Landlords in Vancouver who evict their tenants are required to pay several months rent, assist in relocating them within the city, and pay for moving costs, he said. Developers would also have to give previous tenants the opportunity to move back into the new building at a discounted rate.
Not all jurisdictions share these policies.
In Toronto, Jillian Zeppa, 30, who works for a non-profit education organization, couch surfed with friends for six months after she was evicted from her one bedroom basement suite last fall.
Zeppa said she had lived in the unit for 16 months when the landlord decided to move in herself, prompting her eviction.
She disputed the notice with the province’s rental housing enforcement unit and was awarded $2,000 in compensation. But Zeppa said the cost of moving, storing her belongings, searching for a new home and the stress of the experience had her hoping she’d receive twice that amount.
Her situation reflects a concerning trend, say housing advocates in Ontario.
Geordie Dent, executive director of the Federation of Metro Tenants’ Associations, said in nine of the last 10 years, the No. 1 reason the agency received calls from tenants facing eviction was due to unpaid rent.
But last year that changed with an “explosive” increase in landlords choosing to make use of the home themselves or by their family, he said.
“Probably most of them are going to be in bad faith, meaning the landlord is not actually moving in, it’s just pushing tenants out to be able to jack up the rent,” Dent said.
The Ontario government responded by bringing in new rules last September that require landlords to pay a tenant one month of rent in compensation. If the landlord advertises, rents, demolishes or converts the unit within a year — signalling they aren’t using it themselves — they could also face a fine of up to $25,000.
In many cases, landlords want to get rid of their oldest tenants who pay the lowest rents, Dent said. Being able to charge higher rents for new tenants could be enough to cover the penalties, he added.
Zeppa pays $1,050 per month. Finding a new place close to transit for the same rent with similar amenities, such as laundry in the building, proved to be impossible.
“The golden rule of spending 30 per cent of your money on rent, I feel like is out the window because rent is going up but no one’s salary is going up,” said Zeppa.
She moved into a new apartment on April 1 after months of searching. But at $1,300 a month, Zeppa said she has to make sacrifices.
The new unit accounts for 45 per cent of her take home income and it is far enough from her office that she’ll have to spend an hour on transit, rather than walking or cycling.
There are also other changes she is looking at to cover the extra cost of rent.
“I’m either not going to travel or not going to make an RRSP contribution every year. One of them is going to have to be sacrificed, I realized, in the budget planning of it all. That doesn’t really feel right,” she said.
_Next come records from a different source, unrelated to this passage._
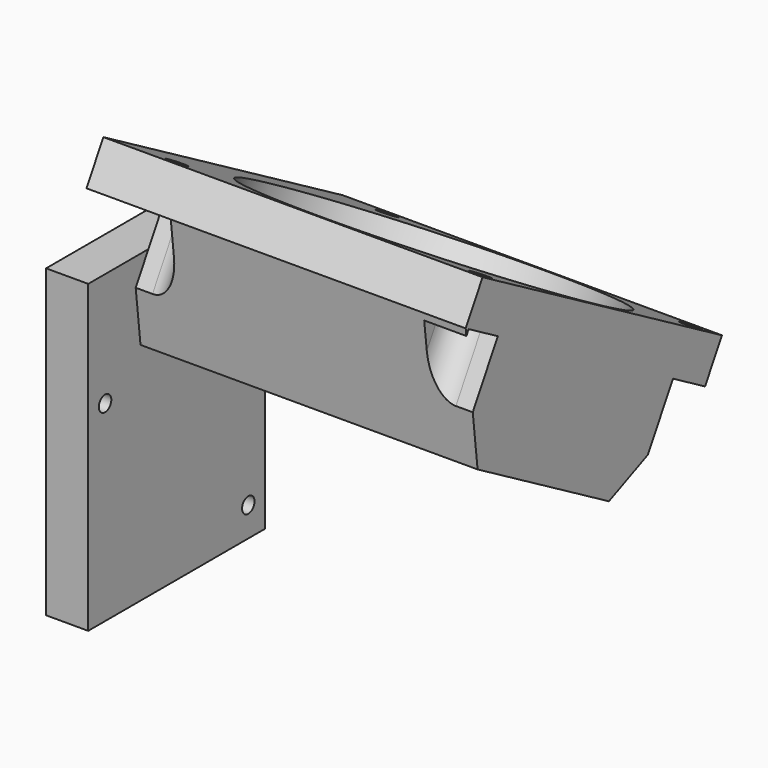
from build123d import *

# Parameters (mm, degrees)
F0_W      = 52.5
F0_H      = 72.5
F0_R      = 1.85
F1_DEPTH  = 10
F3_W      = 90
F3_H      = 10
F4_DEPTH  = 41
F5_R      = 2.25
F5_R_2    = 39
F7_DEPTH  = 89.0378417744
F9_W      = 80
F9_H      = 82
F8_W      = 80
F8_H      = 45
F11_R     = 39
F12_R     = 20
F15_DEPTH = 25


with BuildPart() as f1:
    # F0 (on Right) → F1 (new body)
    with BuildSketch(Plane.YZ):
        with Locations((0, 36.25)):
            Rectangle(F0_W, F0_H)
        with Locations((21.25, 7)):
            Circle(F0_R, mode=Mode.SUBTRACT)
        with Locations((-21.25, 45.5)):
            Circle(F0_R, mode=Mode.SUBTRACT)
    extrude(amount=F1_DEPTH)

    # F3 (on face) → F4 (join, symmetric)
    with BuildSketch(Plane(origin=(0, -11.7059208872, 6.7584165753), x_dir=(-1, 0, 0), z_dir=(0, 0.8660254038, -0.5))):
        with Locations((-45, 70.9118417744)):
            Rectangle(F3_W, F3_H)
    extrude(amount=F4_DEPTH, both=True)

    # F5 (on face) → F7 (cut, through all)
    with BuildSketch(Plane(origin=(0, 37.9559208872, 65.7415834247), x_dir=(1, 0, 0), z_dir=(0, 0.5, 0.8660254038))):
        with Locations((14, -49.5168331507)):
            Circle(F5_R)
        with Locations((86, -49.5168331507)):
            Circle(F5_R)
        with Locations((86, 22.4831668493)):
            Circle(F5_R)
        with Locations((14, 22.4831668493)):
            Circle(F5_R)
        with Locations((50, -13.5168331507)):
            Circle(F5_R_2)
    extrude(amount=-F7_DEPTH, mode=Mode.SUBTRACT)

    # F9 (on face) → F10 section 0
    with BuildSketch(Plane(origin=(0, 32.9559208872, 57.0813293868), x_dir=(1, 0, 0), z_dir=(0, -0.5, -0.8660254038))):
        with Locations((50, 13.5168331507)):
            Rectangle(F9_W, F9_H)
    # F8 (on offset) → F10 section 1
    with BuildSketch(Plane(origin=(0, 20.4559208872, 35.4306942922), x_dir=(1, 0, 0), z_dir=(0, -0.5, -0.8660254038))):
        with Locations((50, 13.5168331507)):
            Rectangle(F8_W, F8_H)
    loft()

    # F11 (on face) → F13 section 0
    with BuildSketch(Plane(origin=(0, 32.9559208872, 57.0813293868), x_dir=(1, 0, 0), z_dir=(0, -0.5, -0.8660254038))):
        with Locations((50, 13.5168331507)):
            Circle(F11_R)
    # F12 (on face) → F13 section 1
    with BuildSketch(Plane(origin=(0, 20.4559208872, 35.4306942922), x_dir=(1, 0, 0), z_dir=(0, -0.5, -0.8660254038))):
        with Locations((50, 13.5168331507)):
            Circle(F12_R)
    loft(mode=Mode.SUBTRACT)

    # F14 (on face) → F15 (cut, through all)
    with BuildSketch(Plane(origin=(0, 32.9559208872, 57.0813293868), x_dir=(1, 0, 0), z_dir=(0, -0.5, -0.8660254038))):
        with BuildLine():
            Line((10, 43.5168331507), (14, 43.5168331507))
            ThreePointArc((14, 43.5168331507), (18.2426406871, 45.2741924635), (20, 49.5168331507))
            Line((20, 49.5168331507), (20, 54.5168331507))
            Line((20, 54.5168331507), (10, 54.5168331507))
            Line((10, 54.5168331507), (10, 43.5168331507))
        make_face()
        with BuildLine():
            Line((9, -26.4831668493), (20, -26.4831668493))
            Line((20, -26.4831668493), (20, -22.4831668493))
            ThreePointArc((20, -22.4831668493), (18.2426406871, -18.2405261622), (14, -16.4831668493))
            Line((14, -16.4831668493), (9, -16.4831668493))
            Line((9, -16.4831668493), (9, -26.4831668493))
        make_face()
        with BuildLine():
            Line((90, -27.4831668493), (90, -16.4831668493))
            Line((90, -16.4831668493), (86, -16.4831668493))
            ThreePointArc((86, -16.4831668493), (81.7573593129, -18.2405261622), (80, -22.4831668493))
            Line((80, -22.4831668493), (80, -27.4831668493))
            Line((80, -27.4831668493), (90, -27.4831668493))
        make_face()
        with BuildLine():
            Line((91, 53.5168331507), (80, 53.5168331507))
            Line((80, 53.5168331507), (80, 49.5168331507))
            ThreePointArc((80, 49.5168331507), (81.7573593129, 45.2741924635), (86, 43.5168331507))
            Line((86, 43.5168331507), (91, 43.5168331507))
            Line((91, 43.5168331507), (91, 53.5168331507))
        make_face()
    extrude(amount=F15_DEPTH, mode=Mode.SUBTRACT)


solid = f1.part

While she’s confident her new home will be more stable, Zeppa said if she is evicted again, she’s more likely to consider other areas of the country to live and work.
“This whole experience has allowed me to realize Toronto will not be a forever place for me,” she said.
The federal government announced a national housing strategy last fall that commits $40 billion over 10 years to new units and upgrades of aging properties, including loans to encourage developers to build new housing geared toward modest- to middle-income families.
The provinces and territories have agreed to fund a key piece of the housing strategy by spending billions to repair and build social housing units and create a new rental benefit. It adds about 50,000 units to the system and repairs 60,000 more, while promoting construction of mixed-income and mixed-use residential developments.
Aled Ab Iorwerth, the deputy chief economist at the CMHC, said whether there is enough incentive for developers to construct purpose-built rental housing remains unclear.
“I think there are a lot of incentives out there to build,” he said. “How exactly the market supplies that is a little bit conditional on their own decision.”